By the end of this step, you should have a zero or positive sum of money left over.

Begin The Month and Track Everything

Finally, we begin our month. The most important step by far, that makes everything worth it, is to keep track of everything gained and spent in the month. Whether you use a budgeting app or keep a paper record, make sure to record every income or expense down to the cent.

Keep comparing your monthly budget to your day to day living and make sure to be honest in what you have spent. The only person who is disadvantaged from you not writing down the real amount from your dinner date is you.

Adjust Spending and Expenses As You Go

It may be the case that you made far more money than you expected throughout the month, that’s great! Allow that money to be added to your variable expenses or savings or emergency fund, whichever you would like.

The key to budgeting irregular income is allowing yourself to be flexible. It may be the case that you really want to use the extra money on an adventure or beauty treatment, that’s fine, but be sure to check your emergency fund or look at your saving goals before you splash out.

Likewise, it may be the case that one of your fixed amounts drastically changes for the worst or better.
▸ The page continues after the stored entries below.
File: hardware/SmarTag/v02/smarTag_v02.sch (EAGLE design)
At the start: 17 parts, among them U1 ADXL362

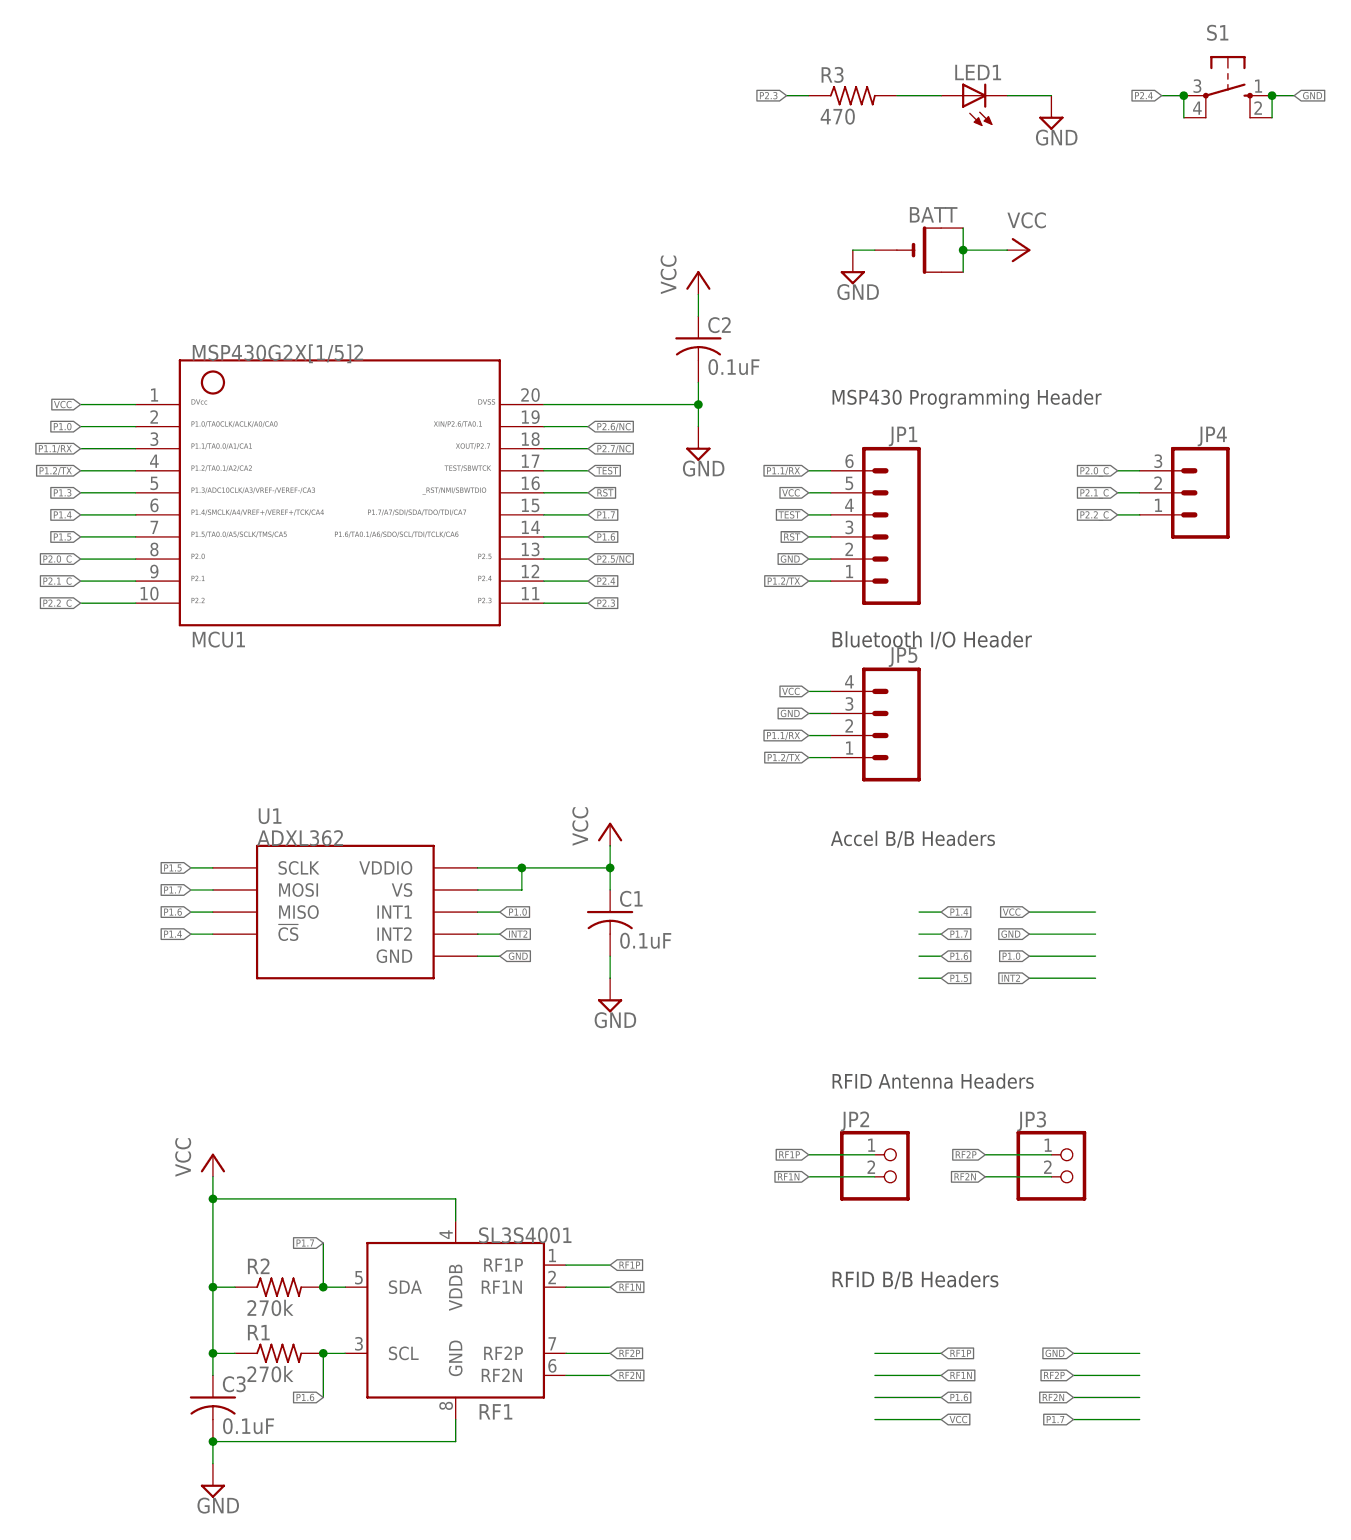
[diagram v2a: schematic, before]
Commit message: hw: Add v02 board.
A complete rework of the board. Includes a new SMD hard switch, no extraneous breakout board headers, and a much smaller overall profile.
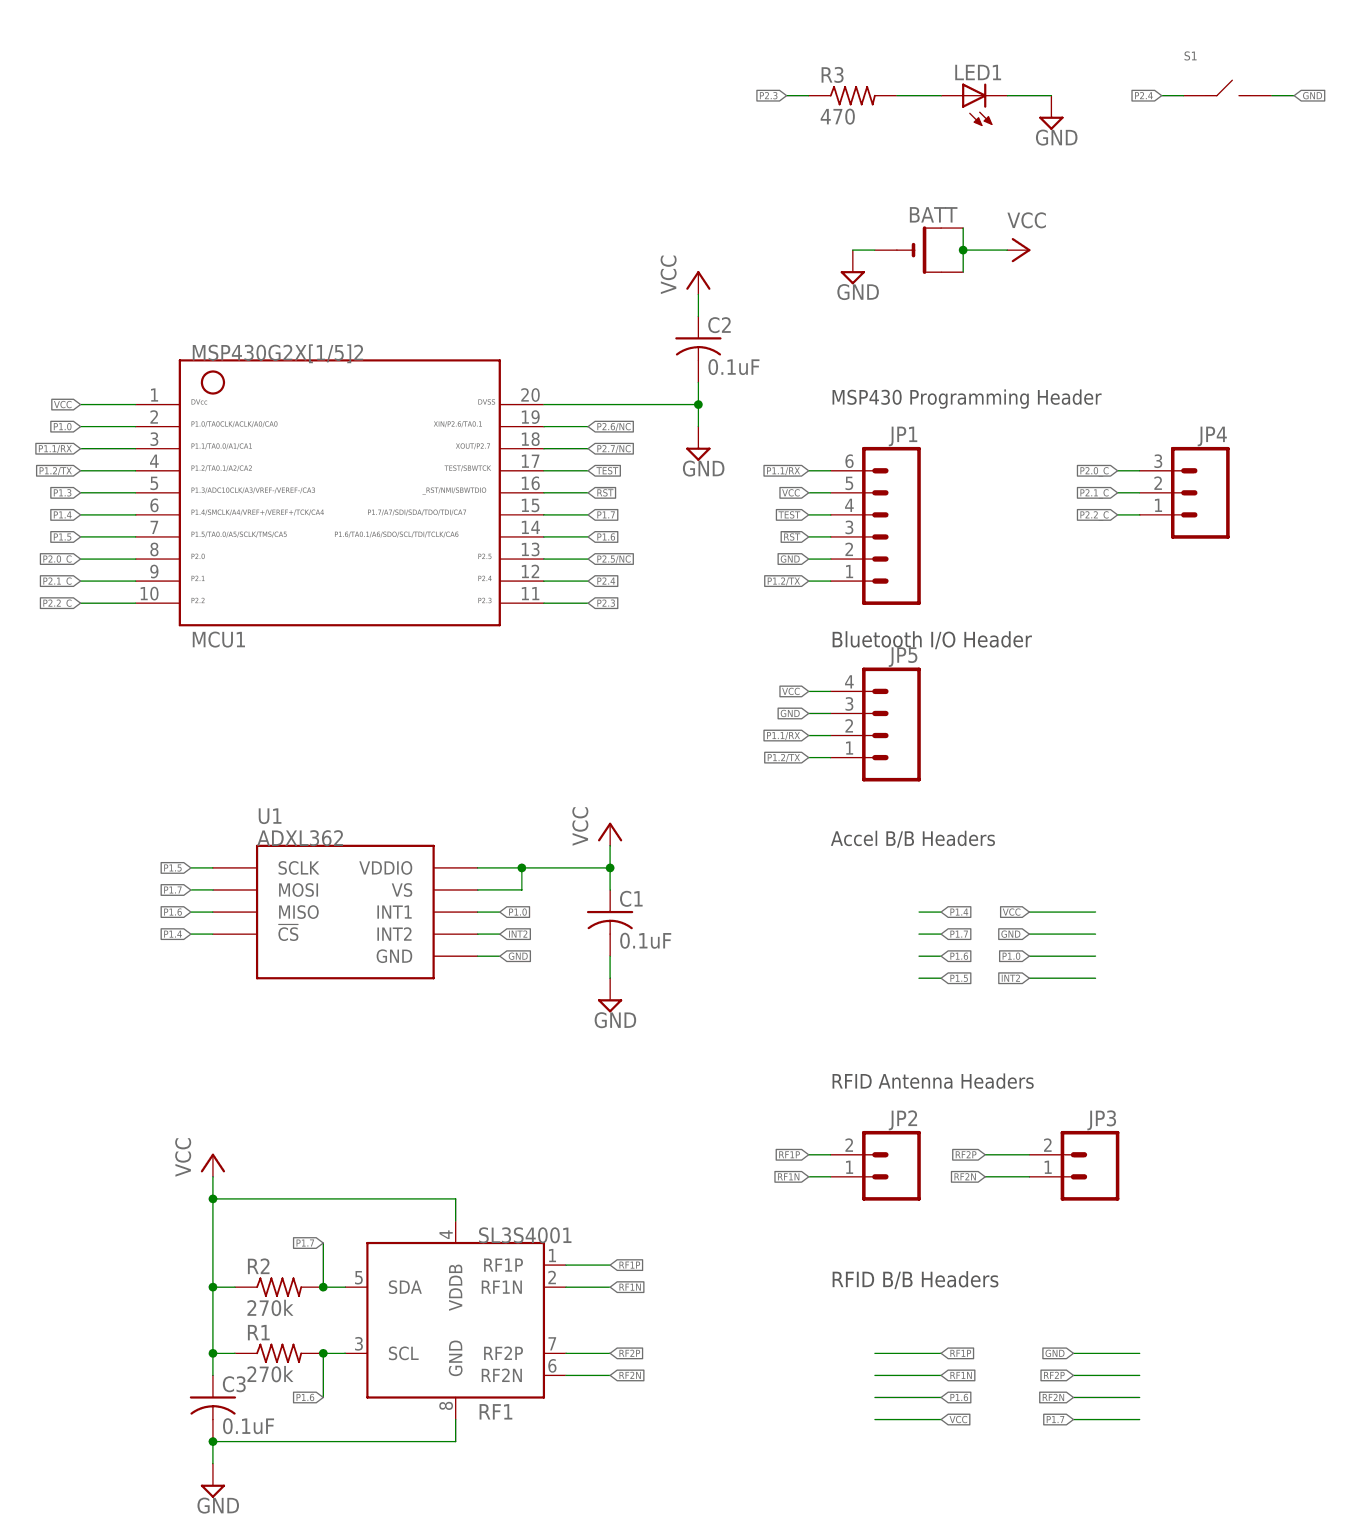
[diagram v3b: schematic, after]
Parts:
- JP2, JP3: device pinhead:PINHD-1X2 -> SparkFun-Connectors:M02LOCK
- S1: device switch-omron:10-XX -> PP_Electromechanical:SPST_B3FS-1000
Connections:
- net GND: now also S1.B; no longer S1.S, S1.S1
- net P2.4: now also S1.A; no longer S1.P, S1.P1
- net RF1N: now also JP2.1; no longer JP2.2
- net RF1P: now also JP2.2; no longer JP2.1
- net RF2N: now also JP3.1; no longer JP3.2
- net RF2P: now also JP3.2; no longer JP3.1
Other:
- moved on the sheet: JP3
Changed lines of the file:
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@@
 <part name="R1" library="rcl" deviceset="R-US_" device="R0805" value="270k"/>
 <part name="SUPPLY3" library="supply2" deviceset="GND" device=""/>
-<part name="JP2" library="pinhead" deviceset="PINHD-1X2" device=""/>
-<part name="JP3" library="pinhead" deviceset="PINHD-1X2" device=""/>
 <part name="U1" library="SparkFun-Sensors" deviceset="ADXL362" device="" value="ADXL362"/>
 <part name="P+3" library="supply1" deviceset="VCC" device=""/>
@@
 <part name="JP1" library="SparkFun-Connectors" deviceset="M06" device="LOCK"/>
 <part name="JP4" library="SparkFun-Connectors" deviceset="M03" device="LOCK"/>
-<part name="S1" library="switch-omron" deviceset="10-XX" device=""/>
 <part name="JP5" library="SparkFun-Connectors" deviceset="M04" device="LOCK"/>
+<part name="JP2" library="SparkFun-Connectors" deviceset="M02" device="LOCK"/>
+<part name="JP3" library="SparkFun-Connectors" deviceset="M02" device="LOCK"/>
+<part name="S1" library="PP_Electromechanical" deviceset="SPST" device="_B3FS-1000"/>
 </parts>
 <sheets>
@@
 <instance part="R1" gate="G$1" x="53.34" y="35.56"/>
 <instance part="SUPPLY3" gate="GND" x="45.72" y="20.32"/>
-<instance part="JP2" gate="G$1" x="124.46" y="55.88"/>
-<instance part="JP3" gate="G$1" x="144.78" y="55.88"/>
 <instance part="U1" gate="G$1" x="60.96" y="86.36"/>
 <instance part="P+3" gate="VCC" x="91.44" y="96.52"/>
@@
 <instance part="JP1" gate="G$1" x="121.92" y="129.54" rot="MR0"/>
 <instance part="JP4" gate="G$1" x="160.02" y="134.62" rot="MR0"/>
-<instance part="S1" gate="1" x="162.56" y="180.34" rot="R270"/>
 <instance part="JP5" gate="G$1" x="121.92" y="106.68" rot="MR0"/>
+<instance part="JP2" gate="G$1" x="124.46" y="55.88" rot="MR0"/>
+<instance part="JP3" gate="G$1" x="147.32" y="55.88" rot="MR0"/>
+<instance part="S1" gate="G$1" x="162.56" y="180.34"/>
 </instances>
 <busses>
@@
 </segment>
 <segment>
-<pinref part="S1" gate="1" pin="P"/>
-<pinref part="S1" gate="1" pin="P1"/>
-<wire x1="157.48" y1="180.34" x2="157.48" y2="177.8" width="0.1524" layer="91"/>
 <wire x1="157.48" y1="180.34" x2="154.94" y2="180.34" width="0.1524" layer="91"/>
-<junction x="157.48" y="180.34"/>
 <label x="154.94" y="180.34" size="0.8128" layer="91" rot="R180" xref="yes"/>
+<pinref part="S1" gate="G$1" pin="A"/>
 </segment>
 </net>
@@
 </segment>
 <segment>
-<pinref part="S1" gate="1" pin="S"/>
-<pinref part="S1" gate="1" pin="S1"/>
-<wire x1="167.64" y1="180.34" x2="167.64" y2="177.8" width="0.1524" layer="91"/>
 <wire x1="167.64" y1="180.34" x2="170.18" y2="180.34" width="0.1524" layer="91"/>
-<junction x="167.64" y="180.34"/>
 <label x="170.18" y="180.34" size="0.8128" layer="91" xref="yes"/>
+<pinref part="S1" gate="G$1" pin="B"/>
 </segment>
 <segment>
@@
 </segment>
 <segment>
-<pinref part="JP2" gate="G$1" pin="1"/>
-<wire x1="121.92" y1="58.42" x2="114.3" y2="58.42" width="0.1524" layer="91"/>
+<wire x1="116.84" y1="58.42" x2="114.3" y2="58.42" width="0.1524" layer="91"/>
 <label x="114.3" y="58.42" size="0.8128" layer="91" rot="MR0" xref="yes"/>
+<pinref part="JP2" gate="G$1" pin="2"/>
 </segment>
 <segment>
@@
 </segment>
 <segment>
-<pinref part="JP2" gate="G$1" pin="2"/>
-<wire x1="121.92" y1="55.88" x2="114.3" y2="55.88" width="0.1524" layer="91"/>
+<wire x1="116.84" y1="55.88" x2="114.3" y2="55.88" width="0.1524" layer="91"/>
 <label x="114.3" y="55.88" size="0.8128" layer="91" rot="MR0" xref="yes"/>
+<pinref part="JP2" gate="G$1" pin="1"/>
 </segment>
 <segment>
@@
 </segment>
 <segment>
-<pinref part="JP3" gate="G$1" pin="2"/>
-<wire x1="142.24" y1="55.88" x2="134.62" y2="55.88" width="0.1524" layer="91"/>
+<wire x1="139.7" y1="55.88" x2="134.62" y2="55.88" width="0.1524" layer="91"/>
 <label x="134.62" y="55.88" size="0.8128" layer="91" rot="MR0" xref="yes"/>
+<pinref part="JP3" gate="G$1" pin="1"/>
 </segment>
 <segment>
@@
 </segment>
 <segment>
-<pinref part="JP3" gate="G$1" pin="1"/>
-<wire x1="142.24" y1="58.42" x2="134.62" y2="58.42" width="0.1524" layer="91"/>
+<wire x1="139.7" y1="58.42" x2="134.62" y2="58.42" width="0.1524" layer="91"/>
 <label x="134.62" y="58.42" size="0.8128" layer="91" rot="MR0" xref="yes"/>
-</segment>
-<segment>
+<pinref part="JP3" gate="G$1" pin="2"/>
+</segment>
+<segment>

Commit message: hw: Update board w/ 1.27mm JP1
This new programming header allows for direct connection with an MSP430
Launchpad for programming and debugging.
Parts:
- JP1: device SparkFun-Connectors:M06LOCK -> SparkFun-Connectors:M061.27MM
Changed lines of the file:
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@@
 <grid distance="0.1" unitdist="inch" unit="inch" style="lines" multiple="1" display="no" altdistance="0.01" altunitdist="inch" altunit="inch"/>
 <layers>
-<layer number="1" name="Top" color="4" fill="1" visible="no" active="no"/>
-<layer number="16" name="Bottom" color="1" fill="1" visible="no" active="no"/>
-<layer number="17" name="Pads" color="2" fill="1" visible="no" active="no"/>
-<layer number="18" name="Vias" color="2" fill="1" visible="no" active="no"/>
-<layer number="19" name="Unrouted" color="6" fill="1" visible="no" active="no"/>
-<layer number="20" name="Dimension" color="15" fill="1" visible="no" active="no"/>
-<layer number="21" name="tPlace" color="7" fill="1" visible="no" active="no"/>
-<layer number="22" name="bPlace" color="7" fill="1" visible="no" active="no"/>
-<layer number="23" name="tOrigins" color="15" fill="1" visible="no" active="no"/>
-<layer number="24" name="bOrigins" color="15" fill="1" visible="no" active="no"/>
-<layer number="25" name="tNames" color="7" fill="1" visible="no" active="no"/>
-<layer number="26" name="bNames" color="7" fill="1" visible="no" active="no"/>
-<layer number="27" name="tValues" color="7" fill="1" visible="no" active="no"/>
-<layer number="28" name="bValues" color="7" fill="1" visible="no" active="no"/>
+<layer number="1" name="Top" color="4" fill="1" visible="yes" active="no"/>
+<layer number="16" name="Bottom" color="1" fill="1" visible="yes" active="no"/>
+<layer number="17" name="Pads" color="2" fill="1" visible="yes" active="no"/>
+<layer number="18" name="Vias" color="2" fill="1" visible="yes" active="no"/>
+<layer number="19" name="Unrouted" color="6" fill="1" visible="yes" active="no"/>
+<layer number="20" name="Dimension" color="15" fill="1" visible="yes" active="no"/>
+<layer number="21" name="tPlace" color="7" fill="1" visible="yes" active="no"/>
+<layer number="22" name="bPlace" color="7" fill="1" visible="yes" active="no"/>
+<layer number="23" name="tOrigins" color="15" fill="1" visible="yes" active="no"/>
+<layer number="24" name="bOrigins" color="15" fill="1" visible="yes" active="no"/>
+<layer number="25" name="tNames" color="7" fill="1" visible="yes" active="no"/>
+<layer number="26" name="bNames" color="7" fill="1" visible="yes" active="no"/>
+<layer number="27" name="tValues" color="7" fill="1" visible="yes" active="no"/>
+<layer number="28" name="bValues" color="7" fill="1" visible="yes" active="no"/>
 <layer number="29" name="tStop" color="7" fill="3" visible="no" active="no"/>
 <layer number="30" name="bStop" color="7" fill="6" visible="no" active="no"/>
@@
 <layer number="35" name="tGlue" color="7" fill="4" visible="no" active="no"/>
 <layer number="36" name="bGlue" color="7" fill="5" visible="no" active="no"/>
-<layer number="37" name="tTest" color="7" fill="1" visible="no" active="no"/>
-<layer number="38" name="bTest" color="7" fill="1" visible="no" active="no"/>
+<layer number="37" name="tTest" color="7" fill="1" visible="yes" active="no"/>
+<layer number="38" name="bTest" color="7" fill="1" visible="yes" active="no"/>
 <layer number="39" name="tKeepout" color="4" fill="11" visible="no" active="no"/>
 <layer number="40" name="bKeepout" color="1" fill="11" visible="no" active="no"/>
@@
 <layer number="44" name="Drills" color="7" fill="1" visible="no" active="no"/>
 <layer number="45" name="Holes" color="7" fill="1" visible="no" active="no"/>
-<layer number="46" name="Milling" color="3" fill="1" visible="no" active="no"/>
-<layer number="47" name="Measures" color="7" fill="1" visible="no" active="no"/>
-<layer number="48" name="Document" color="7" fill="1" visible="no" active="no"/>
-<layer number="49" name="Reference" color="7" fill="1" visible="no" active="no"/>
-<layer number="50" name="dxf" color="7" fill="1" visible="no" active="no"/>
-<layer number="51" name="tDocu" color="7" fill="1" visible="no" active="no"/>
-<layer number="52" name="bDocu" color="7" fill="1" visible="no" active="no"/>
-<layer number="53" name="tGND_GNDA" color="7" fill="9" visible="no" active="no"/>
-<layer number="54" name="bGND_GNDA" color="1" fill="9" visible="no" active="no"/>
-<layer number="56" name="wert" color="7" fill="1" visible="no" active="no"/>
-<layer number="57" name="tCAD" color="7" fill="1" visible="no" active="no"/>
-<layer number="59" name="tCarbon" color="7" fill="1" visible="no" active="no"/>
-<layer number="60" name="bCarbon" color="7" fill="1" visible="no" active="no"/>
+<layer number="46" name="Milling" color="3" fill="1" visible="yes" active="no"/>
+<layer number="47" name="Measures" color="7" fill="1" visible="yes" active="no"/>
+<layer number="48" name="Document" color="7" fill="1" visible="yes" active="no"/>
+<layer number="49" name="Reference" color="7" fill="1" visible="yes" active="no"/>
+<layer number="50" name="dxf" color="7" fill="1" visible="yes" active="no"/>
+<layer number="51" name="tDocu" color="7" fill="1" visible="yes" active="no"/>
+<layer number="52" name="bDocu" color="7" fill="1" visible="yes" active="no"/>
+<layer number="53" name="tGND_GNDA" color="7" fill="9" visible="yes" active="no"/>
+<layer number="54" name="bGND_GNDA" color="1" fill="9" visible="yes" active="no"/>
+<layer number="56" name="wert" color="7" fill="1" visible="yes" active="no"/>
+<layer number="57" name="tCAD" color="7" fill="1" visible="yes" active="no"/>
+<layer number="59" name="tCarbon" color="7" fill="1" visible="yes" active="no"/>
+<layer number="60" name="bCarbon" color="7" fill="1" visible="yes" active="no"/>
 <layer number="90" name="Modules" color="5" fill="1" visible="yes" active="yes"/>
 <layer number="91" name="Nets" color="2" fill="1" visible="yes" active="yes"/>
@@
 <part name="R3" library="rcl" deviceset="R-US_" device="R0805" value="470"/>
 <part name="SUPPLY5" library="supply2" deviceset="GND" device=""/>
-<part name="JP1" library="SparkFun-Connectors" deviceset="M06" device="LOCK"/>
+<part name="JP1" library="SparkFun-Connectors" deviceset="M06" device="1.27MM"/>
 <part name="JP4" library="SparkFun-Connectors" deviceset="M03" device="LOCK"/>
 <part name="JP5" library="SparkFun-Connectors" deviceset="M04" device="LOCK"/>

Allow any money saved to be moved across to whichever expense or savings you choose, but likewise, be open to moving some money from your variables over to fixed.

Remember, that if you are not responsible when it comes to budgeting and spending, you may find yourself needing to borrow money, which, if not managed properly can lead you to having very bad credit and requiring help to get out of difficult financial situations.

Create a New Budget As Each Month Begins

The last step is as you expected – repeat!

At the end of the month it’s time to look at the money you saved, maybe add it to your emergency or saving account or put it towards something special for the next month.

Then begin the process again, calculate your minimum income, fixed and variable costs, and create a new budget, now with the knowledge of your previous month.

Look back at your month of spending and ask:

  1. What did you do well?
  2. What do you spend far too much money on?
  3. Is your emergency fund sufficient?
  4. Do you have any new saving goals for the long term or for the months ahead?

Budgeting may seem like a hassle, especially when your income is not set, but by taking control of your expenses, you are ensuring you can not only live comfortably with the money you earn but allow yourself to enjoy life and the small things you want to afford that make it worth living.